Dr Thi Song Thao Le

Postdoctoral Researcher

The University of New South Wales

Dr. Thao Le is currently a postdoctoral research at the University of New South Wales (UNSW), Sydney. She has expertise in water treatment, catalyst synthesis, and environmental fate of contaminants. She has intensive experience to work in the laboratory for investigating the air-water interfacial adsorption of per- and polyfluoroalkyl substances (PFAS) and developing the models to predict the environmental fate of PFAS. She also has experiences in a range of water treatment technologies (e.g., conventional and heterogeneous (nZVI) Fenton’s oxidation, photocatalysis, and porous materials/activated carbon adsorption) for organic contaminants removal (e.g., 1,2-dichloroethane and textile dyes). After her PhD award in mid2021, she has continued to work closely with Prof. Denis O’Carroll at UNSW as a postdoc and she has conducted experiments to investigate the removal of PFAS using different technlogies including (electro-) chemical reduction and ion exchange.

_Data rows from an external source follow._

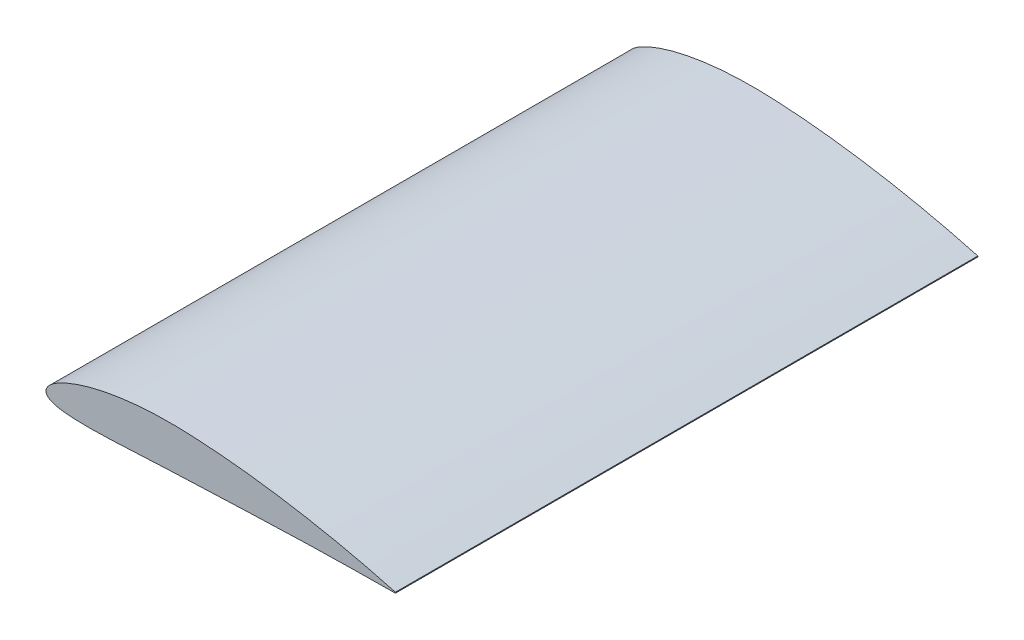
from build123d import *

# Parameters (mm, degrees)
EXTRUDE_1_DEPTH = 250


with BuildPart() as part:
    # Эскиз1 → Бобышка-Вытянуть1 (new body, symmetric)
    with BuildSketch(Plane.XY):
        with BuildLine():
            Line((0.05757, 0.74571), (0, 0))
            Line((0, 0), (0.00249, -0.14724))
            add(Edge.make_bspline(
                [(0.00249, -0.14724), (0.028864169, -0.445513844), (0.08330578, -1.0612113), (0.42267139, -1.966638227), (0.976281815, -2.838072896), (1.756459788, -3.647133325), (2.749077941, -4.393198402), (3.967143746, -5.082935859), (5.442296909, -5.728408867), (7.235698246, -6.338630634), (9.442776227, -6.918379999), (12.202598128, -7.466059916), (15.690525654, -7.967542476), (20.073738499, -8.391548086), (25.427942493, -8.696814173), (31.679981306, -8.851966619), (38.636878275, -8.851508296), (46.077368111, -8.713723896), (53.829146121, -8.46796963), (61.783851715, -8.143744238), (69.877177119, -7.766789504), (78.062513527, -7.359422717), (86.292927251, -6.940806212), (94.525650691, -6.527616544), (102.732598332, -6.133141503), (110.918529108, -5.765943991), (119.106037428, -5.438377986), (127.316854086, -5.133929605), (135.563054016, -4.803707911), (143.837285105, -4.467811421), (152.128632568, -4.128080756), (160.417875856, -3.790434721), (168.698244489, -3.458856865), (176.966416514, -3.13670755), (185.223122893, -2.826751698), (193.470052961, -2.531243905), (201.709043695, -2.251960889), (209.941894226, -1.990371725), (218.170315159, -1.747653748), (226.395881355, -1.524460053), (234.619974201, -1.321335461), (242.843439472, -1.138340626), (253.799028348, -0.921290824), (264.723718399, -0.743927691), (275.541156207, -0.603511416), (283.304824625, -0.51781703), (290.376932295, -0.451824554), (295.870764013, -0.407443063), (298.944589157, -0.385525491), (300, -0.378)],
                knots=[0, 0, 0, 0, 0.002951555, 0.006092605, 0.0094509, 0.013105035, 0.017145832, 0.021696099, 0.026921577, 0.033052787, 0.04041788, 0.049480062, 0.060872195, 0.075263112, 0.093030359, 0.113913711, 0.137122623, 0.161846788, 0.187529051, 0.213844768, 0.24060404, 0.267679501, 0.294919064, 0.322129352, 0.349224887, 0.376200636, 0.403190533, 0.430285051, 0.457482609, 0.484832061, 0.51220601, 0.539574277, 0.566902094, 0.594185889, 0.621429901, 0.648639753, 0.675821648, 0.702981565, 0.730124952, 0.757257324, 0.784383539, 0.811507209, 0.838628701, 0.892783781, 0.919594556, 0.94565005, 0.969591155, 0.989558995, 1, 1, 1, 1], degree=3))
            ThreePointArc((300, -0.378), (300.156572727, 0), (300, 0.378))
            add(Edge.make_bspline(
                [(300, 0.378), (298.986801288, 0.654023781), (296.064210837, 1.450219491), (290.8695985, 2.830006863), (284.219713445, 4.545150437), (276.935901935, 6.357610605), (269.347101537, 8.175439233), (261.636652195, 9.949932759), (253.874886054, 11.663682068), (246.086893811, 13.310849919), (238.281565095, 14.889420872), (230.462843896, 16.398357509), (222.633143967, 17.836911964), (214.794406789, 19.204085734), (206.94847769, 20.498865738), (199.097180514, 21.719793409), (191.242416875, 22.865402178), (183.386166154, 23.933862723), (175.530527282, 24.923138619), (167.67763175, 25.830811336), (159.830204076, 26.654405099), (151.990419631, 27.390865714), (144.164125102, 28.036767919), (136.354280569, 28.589612789), (128.583278445, 29.040291112), (120.889314832, 29.398079412), (113.294103258, 29.623979722), (105.787101592, 29.68811478), (98.338851666, 29.590618972), (90.93662471, 29.32921657), (83.58443153, 28.898261785), (76.290492602, 28.293607633), (69.066227461, 27.50993599), (61.926915226, 26.542878626), (54.893280374, 25.387877318), (47.995029113, 24.042445667), (41.277503811, 22.507579481), (34.812458524, 20.793138729), (28.71095809, 18.926237906), (23.124814608, 16.961123321), (18.21491807, 14.980002525), (14.088570948, 13.074733194), (10.751246243, 11.315492838), (8.113069416, 9.730323839), (6.040451698, 8.309565666), (4.40603392, 7.025075597), (3.110521348, 5.845566442), (2.085810802, 4.743114892), (1.283844996, 3.697135648), (0.685974492, 2.689946523), (0.258928679, 1.716942476), (0.122706698, 1.059890033), (0.05757, 0.74571)],
                knots=[0, 0, 0, 0, 0.0101622, 0.029313053, 0.052011605, 0.076619468, 0.101948061, 0.127526132, 0.153184131, 0.178867888, 0.204557903, 0.230245712, 0.255925967, 0.281594302, 0.30724642, 0.332878042, 0.358484538, 0.384061186, 0.409602822, 0.435103874, 0.460559416, 0.485959195, 0.51130307, 0.536551515, 0.561723366, 0.586628867, 0.611085431, 0.6352512, 0.659272176, 0.683163753, 0.706922144, 0.73053591, 0.7539832, 0.77723469, 0.800246382, 0.822950709, 0.845237155, 0.866915896, 0.887662335, 0.906968281, 0.924203157, 0.938878975, 0.950931611, 0.960693484, 0.968646729, 0.975232933, 0.980794744, 0.985583761, 0.989781539, 0.993521313, 0.996902113, 1, 1, 1, 1], degree=3))
        make_face()
    extrude(amount=EXTRUDE_1_DEPTH, both=True)


solid = part.part

Prediction of the air-water interfacial adsorption of per- and polyfluoroalkyl substances (PFAS)

Per- and polyfluoroalkyl substances (PFAS) are a class of emerging contaminants that are widespread in the environment with broad human health impacts. As such, understanding the mechanisms that control the fate and transport of PFAS compounds is of particular interest. Air-water interfacial adsorption is an important environmental process that contributes to PFAS fate and transport. It is well known that interfacial behaviour of PFAS is strongly impacted by the molecular chemical structures (i.e., carbon chains and functional groups) and environmental conditions (e.g., salinity). However, the diversity of PFAS chemical structure challenges the experimentation to understand PFAS interfacial behaviour. Therefore, the aim of this thesis is to develop quantitatively predictive models to predict the interfacial behaviour for a wide range of environmentally relevant PFAS with differing composition and concentration of inorganic salts. In the first part of this thesis, a group contribution model was developed to predict the interfacial affinity for a wide range of PFAS compounds based on the chemical structure. In the next part of this thesis, a new mass-action law UNSW-OU model was developed to predict the air-water interfacial affinity of PFAS at different salt concentrations from 0 to 0.5 M. The model also applied in the presence of multiple monovalent and divalent salt components. As salts are ubiquitous, and vary from site to site, a small change in salt concentration or composition would have a substantial impact on PFAS interfacial behaviour. Therefore, the ability to calculate interfacial affinity in different salt conditions is important to achieve accurate predictions for PFAS transport in the vadose zone.